Wherever the word "mask" turns up in a line of the entries, copy that line.

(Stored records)
Segment Open

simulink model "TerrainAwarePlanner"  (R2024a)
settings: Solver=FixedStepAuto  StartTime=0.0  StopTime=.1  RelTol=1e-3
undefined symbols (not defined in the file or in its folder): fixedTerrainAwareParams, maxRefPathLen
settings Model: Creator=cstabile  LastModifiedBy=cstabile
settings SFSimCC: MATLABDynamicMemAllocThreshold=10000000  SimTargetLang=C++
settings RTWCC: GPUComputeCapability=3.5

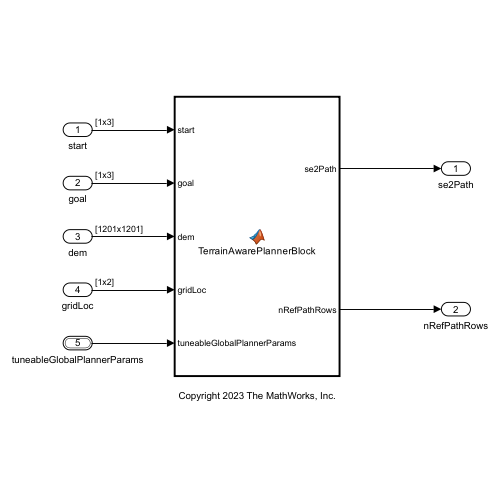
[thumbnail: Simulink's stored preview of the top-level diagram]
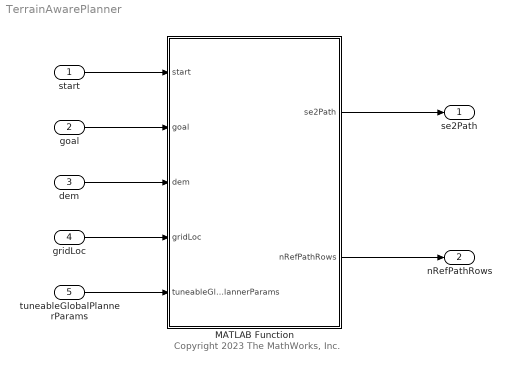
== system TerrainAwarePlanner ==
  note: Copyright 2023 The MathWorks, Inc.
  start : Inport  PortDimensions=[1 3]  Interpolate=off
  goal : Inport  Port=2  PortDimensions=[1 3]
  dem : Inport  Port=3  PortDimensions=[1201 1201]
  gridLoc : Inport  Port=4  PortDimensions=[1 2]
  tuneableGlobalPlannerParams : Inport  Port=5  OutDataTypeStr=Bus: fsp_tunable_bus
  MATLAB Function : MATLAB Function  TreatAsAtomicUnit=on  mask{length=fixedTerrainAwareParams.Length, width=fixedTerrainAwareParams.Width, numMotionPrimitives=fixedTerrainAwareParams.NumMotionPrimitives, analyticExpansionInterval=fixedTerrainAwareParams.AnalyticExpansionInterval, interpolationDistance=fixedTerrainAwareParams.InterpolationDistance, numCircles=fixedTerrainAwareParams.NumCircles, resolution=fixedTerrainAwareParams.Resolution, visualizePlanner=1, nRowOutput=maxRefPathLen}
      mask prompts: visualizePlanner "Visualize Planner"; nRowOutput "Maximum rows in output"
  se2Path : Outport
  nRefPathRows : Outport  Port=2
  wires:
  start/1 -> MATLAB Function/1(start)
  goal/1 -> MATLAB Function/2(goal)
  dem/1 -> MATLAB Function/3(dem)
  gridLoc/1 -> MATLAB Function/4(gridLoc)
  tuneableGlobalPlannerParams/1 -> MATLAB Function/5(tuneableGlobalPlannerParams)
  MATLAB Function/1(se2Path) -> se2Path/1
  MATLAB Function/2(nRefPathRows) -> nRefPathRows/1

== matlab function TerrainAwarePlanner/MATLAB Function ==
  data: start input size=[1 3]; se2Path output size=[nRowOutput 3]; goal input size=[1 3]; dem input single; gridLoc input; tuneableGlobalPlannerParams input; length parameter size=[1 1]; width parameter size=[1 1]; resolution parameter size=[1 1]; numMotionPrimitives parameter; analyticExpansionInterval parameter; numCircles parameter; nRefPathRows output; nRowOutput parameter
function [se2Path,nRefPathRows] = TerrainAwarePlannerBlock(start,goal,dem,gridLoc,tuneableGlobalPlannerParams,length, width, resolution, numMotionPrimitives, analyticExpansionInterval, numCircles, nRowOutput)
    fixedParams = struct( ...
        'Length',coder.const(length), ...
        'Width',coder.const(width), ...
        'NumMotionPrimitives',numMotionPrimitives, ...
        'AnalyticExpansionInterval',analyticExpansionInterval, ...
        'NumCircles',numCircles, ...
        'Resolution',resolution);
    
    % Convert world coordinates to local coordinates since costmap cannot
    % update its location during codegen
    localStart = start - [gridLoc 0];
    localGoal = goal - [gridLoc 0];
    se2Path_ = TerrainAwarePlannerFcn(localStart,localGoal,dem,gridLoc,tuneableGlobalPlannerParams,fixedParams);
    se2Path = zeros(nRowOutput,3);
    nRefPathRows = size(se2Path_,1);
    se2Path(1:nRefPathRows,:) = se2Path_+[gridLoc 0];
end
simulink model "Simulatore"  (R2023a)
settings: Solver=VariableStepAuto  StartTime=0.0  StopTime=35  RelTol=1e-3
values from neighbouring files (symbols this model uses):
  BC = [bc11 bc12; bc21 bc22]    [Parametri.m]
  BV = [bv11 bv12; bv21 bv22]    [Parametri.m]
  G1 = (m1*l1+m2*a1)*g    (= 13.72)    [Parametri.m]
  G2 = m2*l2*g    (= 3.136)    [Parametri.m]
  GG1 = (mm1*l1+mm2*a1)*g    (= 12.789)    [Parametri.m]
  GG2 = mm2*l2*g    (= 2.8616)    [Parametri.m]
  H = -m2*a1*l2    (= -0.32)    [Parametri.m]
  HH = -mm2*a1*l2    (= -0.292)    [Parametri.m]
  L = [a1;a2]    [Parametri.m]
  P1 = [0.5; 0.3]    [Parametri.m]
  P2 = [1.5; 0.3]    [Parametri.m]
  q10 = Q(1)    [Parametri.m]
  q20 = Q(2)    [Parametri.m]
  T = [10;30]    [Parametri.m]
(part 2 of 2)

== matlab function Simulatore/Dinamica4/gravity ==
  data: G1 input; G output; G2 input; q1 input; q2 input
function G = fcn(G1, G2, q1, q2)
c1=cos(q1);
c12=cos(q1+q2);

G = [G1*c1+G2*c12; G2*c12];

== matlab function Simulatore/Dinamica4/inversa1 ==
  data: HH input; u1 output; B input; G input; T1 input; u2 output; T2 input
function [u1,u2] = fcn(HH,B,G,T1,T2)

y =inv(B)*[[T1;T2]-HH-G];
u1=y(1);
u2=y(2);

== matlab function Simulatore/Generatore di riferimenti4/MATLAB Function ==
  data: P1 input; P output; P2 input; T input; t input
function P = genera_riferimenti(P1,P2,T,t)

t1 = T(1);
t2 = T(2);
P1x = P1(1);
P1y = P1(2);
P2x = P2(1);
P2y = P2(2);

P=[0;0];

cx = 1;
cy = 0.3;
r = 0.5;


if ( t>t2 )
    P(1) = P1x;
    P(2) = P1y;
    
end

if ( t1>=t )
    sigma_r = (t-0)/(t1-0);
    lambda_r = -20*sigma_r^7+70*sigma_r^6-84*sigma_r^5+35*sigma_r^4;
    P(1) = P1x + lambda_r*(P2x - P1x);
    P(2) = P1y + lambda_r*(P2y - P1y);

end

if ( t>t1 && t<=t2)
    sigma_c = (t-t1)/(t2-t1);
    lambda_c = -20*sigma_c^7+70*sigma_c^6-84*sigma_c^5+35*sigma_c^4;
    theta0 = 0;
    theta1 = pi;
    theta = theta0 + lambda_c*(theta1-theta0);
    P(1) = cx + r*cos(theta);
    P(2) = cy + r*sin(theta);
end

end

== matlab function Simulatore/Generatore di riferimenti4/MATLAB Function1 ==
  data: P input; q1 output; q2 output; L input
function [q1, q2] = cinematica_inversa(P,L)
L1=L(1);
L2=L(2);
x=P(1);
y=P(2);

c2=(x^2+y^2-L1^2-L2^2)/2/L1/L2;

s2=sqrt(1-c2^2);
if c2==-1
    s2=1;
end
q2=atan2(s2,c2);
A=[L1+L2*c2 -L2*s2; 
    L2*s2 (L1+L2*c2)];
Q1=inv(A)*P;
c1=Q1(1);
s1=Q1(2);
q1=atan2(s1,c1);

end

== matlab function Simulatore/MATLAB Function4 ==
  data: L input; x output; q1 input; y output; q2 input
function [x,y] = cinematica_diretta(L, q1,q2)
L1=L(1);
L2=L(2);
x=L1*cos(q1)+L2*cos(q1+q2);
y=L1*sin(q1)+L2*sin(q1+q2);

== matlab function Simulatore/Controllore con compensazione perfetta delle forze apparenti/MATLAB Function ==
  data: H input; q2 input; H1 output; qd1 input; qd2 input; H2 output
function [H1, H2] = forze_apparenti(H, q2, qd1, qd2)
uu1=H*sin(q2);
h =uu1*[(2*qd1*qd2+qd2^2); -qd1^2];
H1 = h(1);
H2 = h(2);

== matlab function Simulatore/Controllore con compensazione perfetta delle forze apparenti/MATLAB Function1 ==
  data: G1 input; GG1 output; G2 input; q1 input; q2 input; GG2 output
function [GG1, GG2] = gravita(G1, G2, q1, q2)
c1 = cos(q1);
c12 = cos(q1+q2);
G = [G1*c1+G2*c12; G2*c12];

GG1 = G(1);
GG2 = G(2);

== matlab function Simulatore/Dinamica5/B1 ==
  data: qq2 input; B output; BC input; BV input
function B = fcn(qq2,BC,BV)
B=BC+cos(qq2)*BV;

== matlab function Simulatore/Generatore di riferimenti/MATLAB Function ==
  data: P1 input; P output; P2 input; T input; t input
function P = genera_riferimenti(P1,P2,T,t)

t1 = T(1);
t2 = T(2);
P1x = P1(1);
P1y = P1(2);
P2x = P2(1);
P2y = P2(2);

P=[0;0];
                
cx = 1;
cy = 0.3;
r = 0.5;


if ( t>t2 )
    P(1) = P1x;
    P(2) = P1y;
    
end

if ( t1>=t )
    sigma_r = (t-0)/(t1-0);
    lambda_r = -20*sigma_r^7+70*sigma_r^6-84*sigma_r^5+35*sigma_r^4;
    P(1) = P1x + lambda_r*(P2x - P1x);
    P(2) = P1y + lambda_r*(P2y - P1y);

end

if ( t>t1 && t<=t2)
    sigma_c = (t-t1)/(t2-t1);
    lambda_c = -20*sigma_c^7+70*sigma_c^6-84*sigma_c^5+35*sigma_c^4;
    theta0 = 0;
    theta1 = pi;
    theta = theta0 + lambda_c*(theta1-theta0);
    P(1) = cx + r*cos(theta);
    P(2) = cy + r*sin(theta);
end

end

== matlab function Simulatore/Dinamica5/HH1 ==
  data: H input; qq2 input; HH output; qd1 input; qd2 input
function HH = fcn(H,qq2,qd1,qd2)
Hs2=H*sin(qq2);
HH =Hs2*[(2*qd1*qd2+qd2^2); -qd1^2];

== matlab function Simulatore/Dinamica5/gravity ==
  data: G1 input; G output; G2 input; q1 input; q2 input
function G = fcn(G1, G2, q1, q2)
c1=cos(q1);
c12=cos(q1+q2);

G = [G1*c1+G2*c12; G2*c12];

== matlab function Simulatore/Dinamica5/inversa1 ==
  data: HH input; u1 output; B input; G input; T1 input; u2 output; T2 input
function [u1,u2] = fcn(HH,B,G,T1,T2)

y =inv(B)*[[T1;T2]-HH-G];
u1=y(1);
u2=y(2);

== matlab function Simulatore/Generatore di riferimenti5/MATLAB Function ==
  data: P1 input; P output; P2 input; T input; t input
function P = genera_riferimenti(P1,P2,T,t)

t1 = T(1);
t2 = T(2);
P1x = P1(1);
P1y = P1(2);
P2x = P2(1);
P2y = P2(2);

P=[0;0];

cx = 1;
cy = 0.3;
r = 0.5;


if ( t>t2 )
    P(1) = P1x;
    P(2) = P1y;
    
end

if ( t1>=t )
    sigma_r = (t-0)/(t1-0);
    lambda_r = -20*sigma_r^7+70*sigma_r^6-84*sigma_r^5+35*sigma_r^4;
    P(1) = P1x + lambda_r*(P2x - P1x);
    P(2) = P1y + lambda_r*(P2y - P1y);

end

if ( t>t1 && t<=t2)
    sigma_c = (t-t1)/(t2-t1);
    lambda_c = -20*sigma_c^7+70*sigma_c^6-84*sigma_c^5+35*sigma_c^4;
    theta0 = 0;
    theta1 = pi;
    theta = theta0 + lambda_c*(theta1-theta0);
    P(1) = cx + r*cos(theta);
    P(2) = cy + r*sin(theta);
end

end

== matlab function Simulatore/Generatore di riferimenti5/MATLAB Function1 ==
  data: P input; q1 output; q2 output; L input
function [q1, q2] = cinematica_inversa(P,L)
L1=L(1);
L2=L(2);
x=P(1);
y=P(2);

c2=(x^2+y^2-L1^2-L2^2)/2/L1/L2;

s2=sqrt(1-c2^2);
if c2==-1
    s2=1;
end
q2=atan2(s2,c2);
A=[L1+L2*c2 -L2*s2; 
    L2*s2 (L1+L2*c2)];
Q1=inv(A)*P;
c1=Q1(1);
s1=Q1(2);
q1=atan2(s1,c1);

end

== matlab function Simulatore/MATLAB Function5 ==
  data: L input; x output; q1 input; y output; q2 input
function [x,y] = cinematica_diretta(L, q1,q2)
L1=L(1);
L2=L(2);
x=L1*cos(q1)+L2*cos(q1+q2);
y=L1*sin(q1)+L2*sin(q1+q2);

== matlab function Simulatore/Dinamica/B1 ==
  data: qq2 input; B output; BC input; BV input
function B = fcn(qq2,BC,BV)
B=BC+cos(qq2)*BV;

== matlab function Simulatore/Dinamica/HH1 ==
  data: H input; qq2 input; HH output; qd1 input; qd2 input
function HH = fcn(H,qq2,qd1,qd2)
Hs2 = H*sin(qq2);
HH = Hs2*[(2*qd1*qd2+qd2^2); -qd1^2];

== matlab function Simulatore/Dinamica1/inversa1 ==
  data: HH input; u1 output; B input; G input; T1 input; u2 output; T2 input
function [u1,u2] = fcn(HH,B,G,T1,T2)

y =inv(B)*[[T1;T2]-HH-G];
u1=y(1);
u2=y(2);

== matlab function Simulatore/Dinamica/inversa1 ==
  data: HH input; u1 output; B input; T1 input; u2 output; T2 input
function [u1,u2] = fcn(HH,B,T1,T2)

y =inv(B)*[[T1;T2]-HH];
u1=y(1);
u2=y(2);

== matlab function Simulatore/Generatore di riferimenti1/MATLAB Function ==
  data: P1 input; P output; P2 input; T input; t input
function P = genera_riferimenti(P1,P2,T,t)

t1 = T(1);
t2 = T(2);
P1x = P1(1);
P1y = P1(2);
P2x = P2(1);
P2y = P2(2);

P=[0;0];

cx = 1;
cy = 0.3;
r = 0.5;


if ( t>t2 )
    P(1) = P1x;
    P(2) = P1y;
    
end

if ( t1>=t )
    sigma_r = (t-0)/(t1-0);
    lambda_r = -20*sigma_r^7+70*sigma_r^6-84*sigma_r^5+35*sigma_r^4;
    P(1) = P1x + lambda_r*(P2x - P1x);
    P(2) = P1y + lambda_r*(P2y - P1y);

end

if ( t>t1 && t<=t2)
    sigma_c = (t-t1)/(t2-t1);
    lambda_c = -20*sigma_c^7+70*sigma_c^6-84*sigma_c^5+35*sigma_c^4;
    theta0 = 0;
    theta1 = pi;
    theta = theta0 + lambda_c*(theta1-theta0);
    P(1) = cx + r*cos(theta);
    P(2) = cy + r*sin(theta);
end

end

Segment Closed

→ WRITTEN REPLY
  MATLAB Function : MATLAB Function  TreatAsAtomicUnit=on  mask{length=fixedTerrainAwareParams.Length, width=fixedTerrainAwareParams.Width, numMotionPrimitives=fixedTerrainAwareParams.NumMotionPrimitives, analyticExpansionInterval=fixedTerrainAwareParams.AnalyticExpansionInterval, interpolationDistance=fixedTerrainAwareParams.InterpolationDistance, numCircles=fixedTerrainAwareParams.NumCircles, resolution=fixedTerrainAwareParams.Resolution, visualizePlanner=1, nRowOutput=maxRefPathLen}
      mask prompts: visualizePlanner "Visualize Planner"; nRowOutput "Maximum rows in output"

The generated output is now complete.